Figure 6. Quantum-dot coated with a GD1a antibody is transported to the ER.

(A) Q-dot GD1a Ab (high) was incubated with liposomes or liposomes containing GD1a. Samples were floated in a sucrose gradient, fractionated, subjected to SDS-PAGE, and immunoblotted for the GD1a antibody heavy chain. (B) Q-dot:Myc Ab (high), Q-dot:TfR Ab (high), Q-dot:GD1a Ab (low), Q-dot:GD1a Ab (middle), and Q-dot:GD1a Ab (high) were incubated with GD1a-supplemented cells at 4°C, washed to remove unbound Q-dots, and imaged. Left panels, representative images. Yellow lines, edge of cells. Scale bars, 10 µm for bright field image, and 2 µm for Q-dot image. Right panel, quantification of the indicated Q-dot binding to the plasma membrane from at least 3 cells. Data are mean+/−SD. (C) Co-localization of Q-dot:GD1a Ab (high) with CFP-HO2 in GD1a-supplemented NIH 3T3 cells. Left panel, representative images (ER image processed as in Figure 5A). Scale bar, 2 µm. Right panel, quantification of the indicated Q-dot co-localizing with the ER at various conditions from at least 3 different cells. Data are the mean+/−SD. A two-tailed t test was used.

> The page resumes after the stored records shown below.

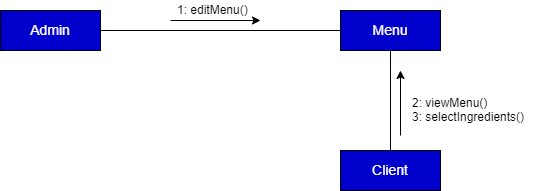

The diagram above was exported from draw.io. Its source (the exported page's mxGraphModel, read from the mxfile embedded in the PNG):
<mxGraphModel dx="1038" dy="519" grid="1" gridSize="10" guides="1" tooltips="1" connect="1" arrows="1" fold="1" page="1" pageScale="1" pageWidth="850" pageHeight="1100" math="0" shadow="0">
  <root>
    <mxCell id="0" />
    <mxCell id="1" parent="0" />
    <mxCell id="1yc0zJiiyTpnlVyMS7R8-1" value="&lt;font style=&quot;font-size: 14px&quot;&gt;Admin&lt;/font&gt;" style="rounded=0;whiteSpace=wrap;html=1;fillColor=#0000CC;fontColor=#FFFFFF;" parent="1" vertex="1">
      <mxGeometry x="140" y="130" width="100" height="40" as="geometry" />
    </mxCell>
    <mxCell id="1yc0zJiiyTpnlVyMS7R8-2" value="&lt;font style=&quot;font-size: 14px&quot;&gt;Menu&lt;/font&gt;" style="rounded=0;whiteSpace=wrap;html=1;fontColor=#FFFFFF;fillColor=#0000CC;" parent="1" vertex="1">
      <mxGeometry x="480" y="130" width="100" height="40" as="geometry" />
    </mxCell>
    <mxCell id="1yc0zJiiyTpnlVyMS7R8-3" value="&lt;font style=&quot;font-size: 14px&quot;&gt;Client&lt;/font&gt;" style="rounded=0;whiteSpace=wrap;html=1;fontColor=#FFFFFF;strokeColor=#000000;fillColor=#0000CC;" parent="1" vertex="1">
      <mxGeometry x="480" y="270" width="100" height="40" as="geometry" />
    </mxCell>
    <mxCell id="1yc0zJiiyTpnlVyMS7R8-4" value="" style="endArrow=none;html=1;entryX=0;entryY=0.5;entryDx=0;entryDy=0;exitX=1;exitY=0.5;exitDx=0;exitDy=0;" parent="1" source="1yc0zJiiyTpnlVyMS7R8-1" target="1yc0zJiiyTpnlVyMS7R8-2" edge="1">
      <mxGeometry width="50" height="50" relative="1" as="geometry">
        <mxPoint x="300" y="190" as="sourcePoint" />
        <mxPoint x="350" y="140" as="targetPoint" />
      </mxGeometry>
    </mxCell>
    <mxCell id="1yc0zJiiyTpnlVyMS7R8-5" value="" style="endArrow=none;html=1;entryX=0.5;entryY=1;entryDx=0;entryDy=0;exitX=0.5;exitY=0;exitDx=0;exitDy=0;" parent="1" source="1yc0zJiiyTpnlVyMS7R8-3" target="1yc0zJiiyTpnlVyMS7R8-2" edge="1">
      <mxGeometry width="50" height="50" relative="1" as="geometry">
        <mxPoint x="140" y="380" as="sourcePoint" />
        <mxPoint x="190" y="330" as="targetPoint" />
      </mxGeometry>
    </mxCell>
    <mxCell id="1yc0zJiiyTpnlVyMS7R8-6" value="" style="endArrow=classic;html=1;" parent="1" edge="1">
      <mxGeometry width="50" height="50" relative="1" as="geometry">
        <mxPoint x="310" y="140" as="sourcePoint" />
        <mxPoint x="400" y="140" as="targetPoint" />
      </mxGeometry>
    </mxCell>
    <mxCell id="1yc0zJiiyTpnlVyMS7R8-7" value="1: editMenu()" style="text;html=1;resizable=0;points=[];autosize=1;align=left;verticalAlign=top;spacingTop=-4;" parent="1" vertex="1">
      <mxGeometry x="315" y="120" width="90" height="20" as="geometry" />
    </mxCell>
    <mxCell id="1yc0zJiiyTpnlVyMS7R8-8" value="" style="endArrow=classic;html=1;" parent="1" edge="1">
      <mxGeometry width="50" height="50" relative="1" as="geometry">
        <mxPoint x="540" y="255" as="sourcePoint" />
        <mxPoint x="540" y="190" as="targetPoint" />
      </mxGeometry>
    </mxCell>
    <mxCell id="1yc0zJiiyTpnlVyMS7R8-9" value="2: viewMenu()&lt;br&gt;3: selectIngredients()" style="text;html=1;resizable=0;points=[];autosize=1;align=left;verticalAlign=top;spacingTop=-4;" parent="1" vertex="1">
      <mxGeometry x="550" y="213" width="130" height="30" as="geometry" />
    </mxCell>
  </root>
</mxGraphModel>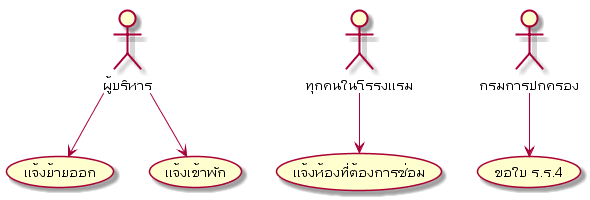

The diagram above was rendered by PlantUML. Its source (embedded in the PNG):
@startuml

:ผู้บริหาร: as board
:ทุกคนในโรรงแรม: as people
:กรมการปกครอง: as dopa

board --> (แจ้งย้ายออก)
board --> (แจ้งเข้าพัก)
dopa --> (ขอใบ ร.ร.4)
people --> (แจ้งห้องที่ต้องการซ่อม)

@enduml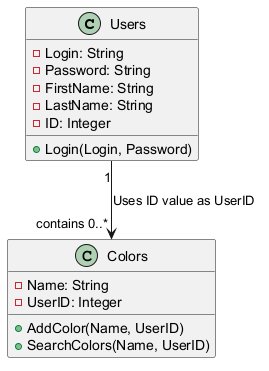

The diagram above was rendered by PlantUML. Its source (embedded in the PNG):
@startuml
Class Users{
    -Login: String
    -Password: String
    -FirstName: String
    -LastName: String
    -ID: Integer
    +Login(Login, Password)
}

Class Colors{
	-Name: String
    -UserID: Integer
    +AddColor(Name, UserID)
    +SearchColors(Name, UserID)
}
Users "1" --> "contains 0..*" Colors: Uses ID value as UserID
@enduml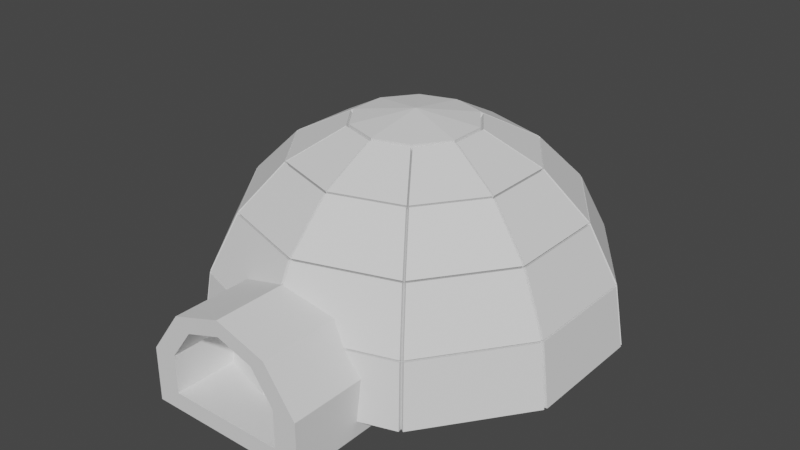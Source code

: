 # Source: igloo.blend  (saved by Blender 2.82.7; exported with 4.5.12 LTS)
import bpy
from mathutils import Matrix  # noqa: F401  (used for matrix-valued properties, if any)

bpy.ops.wm.read_factory_settings(use_empty=True)
scene = bpy.context.scene
scene.name = 'Scene'

# ---- collections
col_collection = bpy.data.collections.new('Collection'); scene.collection.children.link(col_collection)

# ---- world
world_world = bpy.data.worlds.new('World'); scene.world = world_world
world_world.use_nodes = True; world_world.node_tree.nodes.clear()
_N = world_world.node_tree.nodes; _L = world_world.node_tree.links
n0 = _N.new('ShaderNodeOutputWorld'); n0.name = 'World Output'; n0.location = (300, 300)
n1 = _N.new('ShaderNodeBackground'); n1.name = 'Background'; n1.location = (10, 300)
n1.inputs[0].default_value = (0.05088, 0.05088, 0.05088, 1.0)
_L.new(n1.outputs[0], n0.inputs[0])
n0.is_active_output = True
world_world.color = (0.05088, 0.05088, 0.05088)
world_world.use_sun_shadow = False
world_world.sun_shadow_jitter_overblur = 0.0

# ---- meshes
me_sphere_002 = bpy.data.meshes.new('Sphere.002')
me_sphere_002.from_pydata([(0.1816, 0.25, 0.9511), (0.3455, 0.4755, 0.809), (0.4755, 0.6545, 0.5878), (0.559, 0.7694, 0.309), (0.5878, 0.809, -4.371e-08), (0.2939, 0.09549, 0.9511), (0.559, 0.1816, 0.809), (0.7694, 0.25, 0.5878), (0.9045, 0.2939, 0.309), (0.9511, 0.309, -4.371e-08), (0.2939, -0.09549, 0.9511), (0.559, -0.1816, 0.809), (0.7694, -0.25, 0.5878), (0.9045, -0.2939, 0.309), (0.9511, -0.309, -4.371e-08), (0.1816, -0.25, 0.9511), (0.3455, -0.4755, 0.809), (0.4755, -0.6545, 0.5878), (0.559, -0.7694, 0.309), (0.5878, -0.809, -4.371e-08), (2.761e-08, -0.309, 0.9511), (7.232e-08, -0.5878, 0.809), (-1.709e-08, -0.809, 0.5878), (1.021e-07, -0.9511, 0.309), (1.319e-07, -1.0, -4.371e-08), (-0.1816, -0.25, 0.9511), (-0.3455, -0.4755, 0.809), (-0.4755, -0.6545, 0.5878), (-0.559, -0.7694, 0.309), (-0.5878, -0.809, -4.371e-08), (-0.2939, -0.09549, 0.9511), (-0.559, -0.1816, 0.809), (-0.7694, -0.25, 0.5878), (-0.9045, -0.2939, 0.309), (-0.9511, -0.309, -4.371e-08), (-0.2939, 0.09549, 0.9511), (-0.559, 0.1816, 0.809), (-0.7694, 0.25, 0.5878), (-0.9045, 0.2939, 0.309), (-0.9511, 0.309, -4.371e-08), (-0.1816, 0.25, 0.9511), (-0.3455, 0.4755, 0.809), (-0.4755, 0.6545, 0.5878), (-0.559, 0.7694, 0.309), (-0.5878, 0.809, -4.371e-08), (-1.709e-08, 0.309, 0.9511), (-1.065e-07, 0.5878, 0.809), (-1.709e-08, 0.809, 0.5878), (-1.065e-07, 0.9511, 0.309), (-1.959e-07, 1.0, -4.371e-08), (0.007926, 0.9755, 0.3214), (0.007926, 0.8334, 0.6002), (0.4835, 0.6789, 0.6002), (0.5669, 0.7938, 0.3214), (0.008709, 1.027, 0.004245), (0.008709, 0.9779, 0.3133), (0.5677, 0.7962, 0.3133), (0.5965, 0.8358, 0.004245), (0.004159, 0.6006, 0.8341), (0.004159, 0.3218, 0.9762), (0.1858, 0.2628, 0.9762), (0.3497, 0.4883, 0.8341), (0.006382, 0.8287, 0.6074), (0.006382, 0.6074, 0.8287), (0.3519, 0.4952, 0.8287), (0.4819, 0.6742, 0.6074), (0.5798, 0.7845, 0.3214), (0.4963, 0.6696, 0.6002), (0.7902, 0.2651, 0.6002), (0.9253, 0.309, 0.3214), (0.6106, 0.8256, 0.004245), (0.5818, 0.786, 0.3133), (0.9273, 0.3105, 0.3133), (0.9739, 0.3256, 0.004245), (0.3564, 0.4834, 0.8341), (0.1925, 0.2579, 0.9762), (0.3048, 0.1034, 0.9762), (0.5699, 0.1895, 0.8341), (0.4922, 0.6666, 0.6074), (0.3622, 0.4877, 0.8287), (0.5757, 0.1938, 0.8287), (0.7861, 0.2621, 0.6074), (0.7901, 0.25, 0.6074), (0.5797, 0.1816, 0.8287), (0.5797, -0.1816, 0.8287), (0.7901, -0.25, 0.6074), (0.9302, 0.2939, 0.3214), (0.7951, 0.25, 0.6002), (0.7951, -0.25, 0.6002), (0.9302, -0.2939, 0.3214), (0.9792, 0.309, 0.004245), (0.9327, 0.2939, 0.3133), (0.9327, -0.2939, 0.3133), (0.9792, -0.309, 0.004245), (0.5725, 0.1816, 0.8341), (0.3074, 0.09549, 0.9762), (0.3074, -0.09549, 0.9762), (0.5725, -0.1816, 0.8341), (0.7861, -0.2621, 0.6074), (0.5757, -0.1938, 0.8287), (0.3622, -0.4877, 0.8287), (0.4922, -0.6666, 0.6074), (0.9253, -0.309, 0.3214), (0.7902, -0.2651, 0.6002), (0.4963, -0.6696, 0.6002), (0.5798, -0.7845, 0.3214), (0.9739, -0.3256, 0.004245), (0.9273, -0.3105, 0.3133), (0.5818, -0.786, 0.3133), (0.6106, -0.8256, 0.004245), (0.5699, -0.1895, 0.8341), (0.3048, -0.1034, 0.9762), (0.1925, -0.2579, 0.9762), (0.3564, -0.4834, 0.8341), (0.5965, -0.8358, 0.004245), (0.5677, -0.7962, 0.3133), (0.008709, -0.9779, 0.3133), (0.00871, -1.027, 0.004245), (0.3497, -0.4883, 0.8341), (0.1858, -0.2628, 0.9762), (0.004159, -0.3218, 0.9762), (0.004159, -0.6006, 0.8341), (0.4819, -0.6742, 0.6074), (0.3519, -0.4952, 0.8287), (0.006382, -0.6074, 0.8287), (0.006382, -0.8287, 0.6074), (0.5669, -0.7938, 0.3214), (0.4835, -0.6789, 0.6002), (0.007926, -0.8334, 0.6002), (0.007926, -0.9755, 0.3214), (-0.008709, -1.027, 0.004245), (-0.008709, -0.9779, 0.3133), (-0.5677, -0.7962, 0.3133), (-0.5965, -0.8358, 0.004245), (-0.004159, -0.6006, 0.8341), (-0.004159, -0.3218, 0.9762), (-0.1858, -0.2628, 0.9762), (-0.3497, -0.4883, 0.8341), (-0.006382, -0.8287, 0.6074), (-0.006382, -0.6074, 0.8287), (-0.3519, -0.4952, 0.8287), (-0.4819, -0.6742, 0.6074), (-0.007926, -0.9755, 0.3214), (-0.007926, -0.8334, 0.6002), (-0.4835, -0.6789, 0.6002), (-0.5669, -0.7938, 0.3214), (-0.5798, -0.7845, 0.3214), (-0.4963, -0.6696, 0.6002), (-0.7902, -0.2651, 0.6002), (-0.9253, -0.309, 0.3214), (-0.6106, -0.8256, 0.004245), (-0.5818, -0.786, 0.3133), (-0.9273, -0.3105, 0.3133), (-0.9739, -0.3256, 0.004245), (-0.3564, -0.4834, 0.8341), (-0.1925, -0.2579, 0.9762), (-0.3048, -0.1034, 0.9762), (-0.5699, -0.1895, 0.8341), (-0.4922, -0.6666, 0.6074), (-0.3622, -0.4877, 0.8287), (-0.5757, -0.1938, 0.8287), (-0.7861, -0.2621, 0.6074), (-0.9302, -0.2939, 0.3214), (-0.7951, -0.25, 0.6002), (-0.7951, 0.25, 0.6002), (-0.9302, 0.2939, 0.3214), (-0.9792, -0.309, 0.004245), (-0.9327, -0.2939, 0.3133), (-0.9327, 0.2939, 0.3133), (-0.9792, 0.309, 0.004245), (-0.5725, -0.1816, 0.8341), (-0.3074, -0.09549, 0.9762), (-0.3074, 0.09549, 0.9762), (-0.5725, 0.1816, 0.8341), (-0.7901, -0.25, 0.6074), (-0.5797, -0.1816, 0.8287), (-0.5797, 0.1816, 0.8287), (-0.7901, 0.25, 0.6074), (-0.7861, 0.2621, 0.6074), (-0.5757, 0.1938, 0.8287), (-0.3622, 0.4877, 0.8287), (-0.4922, 0.6666, 0.6074), (-0.9253, 0.309, 0.3214), (-0.7902, 0.2651, 0.6002), (-0.4963, 0.6696, 0.6002), (-0.5798, 0.7845, 0.3214), (-0.9739, 0.3256, 0.004245), (-0.9273, 0.3105, 0.3133), (-0.5818, 0.786, 0.3133), (-0.6106, 0.8256, 0.004245), (-0.5699, 0.1895, 0.8341), (-0.3048, 0.1034, 0.9762), (-0.1925, 0.2579, 0.9762), (-0.3564, 0.4834, 0.8341), (-0.3497, 0.4883, 0.8341), (-0.1858, 0.2628, 0.9762), (-0.004159, 0.3218, 0.9762), (-0.004159, 0.6006, 0.8341), (-0.4819, 0.6742, 0.6074), (-0.3519, 0.4952, 0.8287), (-0.006382, 0.6074, 0.8287), (-0.006382, 0.8287, 0.6074), (-0.5669, 0.7938, 0.3214), (-0.4835, 0.6789, 0.6002), (-0.007926, 0.8334, 0.6002), (-0.007926, 0.9755, 0.3214), (-0.5965, 0.8358, 0.004245), (-0.5677, 0.7962, 0.3133), (-0.008709, 0.9779, 0.3133), (-0.00871, 1.027, 0.004245), (0.2939, 0.09549, 0.9836), (0.1816, 0.25, 0.9836), (0.2939, -0.09549, 0.9836), (0.1816, -0.25, 0.9836), (2.624e-08, -0.309, 0.9836), (-1.929e-07, -5.922e-07, 1.033), (-0.1816, -0.25, 0.9836), (-0.2939, -0.09549, 0.9836), (-0.2939, 0.09549, 0.9836), (-0.1816, 0.25, 0.9836), (-1.847e-08, 0.309, 0.9836)], [], [(30, 25, 216, 217), (0, 45, 220, 211), (40, 35, 218, 219), (25, 20, 214, 216), (20, 15, 213, 214), (45, 40, 219, 220), (35, 30, 217, 218), (5, 0, 211, 210), (10, 5, 210, 212), (15, 10, 212, 213), (50, 51, 52, 53), (47, 51, 50, 48), (2, 52, 51, 47), (3, 53, 52, 2), (48, 50, 53, 3), (54, 55, 56, 57), (48, 55, 54, 49), (3, 56, 55, 48), (4, 57, 56, 3), (49, 54, 57, 4), (58, 59, 60, 61), (45, 59, 58, 46), (0, 60, 59, 45), (1, 61, 60, 0), (46, 58, 61, 1), (62, 63, 64, 65), (46, 63, 62, 47), (1, 64, 63, 46), (2, 65, 64, 1), (47, 62, 65, 2), (66, 67, 68, 69), (2, 67, 66, 3), (7, 68, 67, 2), (8, 69, 68, 7), (3, 66, 69, 8), (70, 71, 72, 73), (3, 71, 70, 4), (8, 72, 71, 3), (9, 73, 72, 8), (4, 70, 73, 9), (74, 75, 76, 77), (0, 75, 74, 1), (5, 76, 75, 0), (6, 77, 76, 5), (1, 74, 77, 6), (78, 79, 80, 81), (1, 79, 78, 2), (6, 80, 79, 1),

Figure 7. Model for sorting of Py from the plasma membrane to the ER.

Polyomavirus binds to ganglioside GD1a or non-ganglioside receptors at the plasma membrane and is transport to the endolysosome. The low pH in this environment induces a conformational change on the virus that facilitates its subsequent structural alteration in the ER. Py that is bound to GD1a in the endolyosome is sorted to the ER where it undergoes an ERp29-dependent structural change that initiates viral penetration across the ER membrane.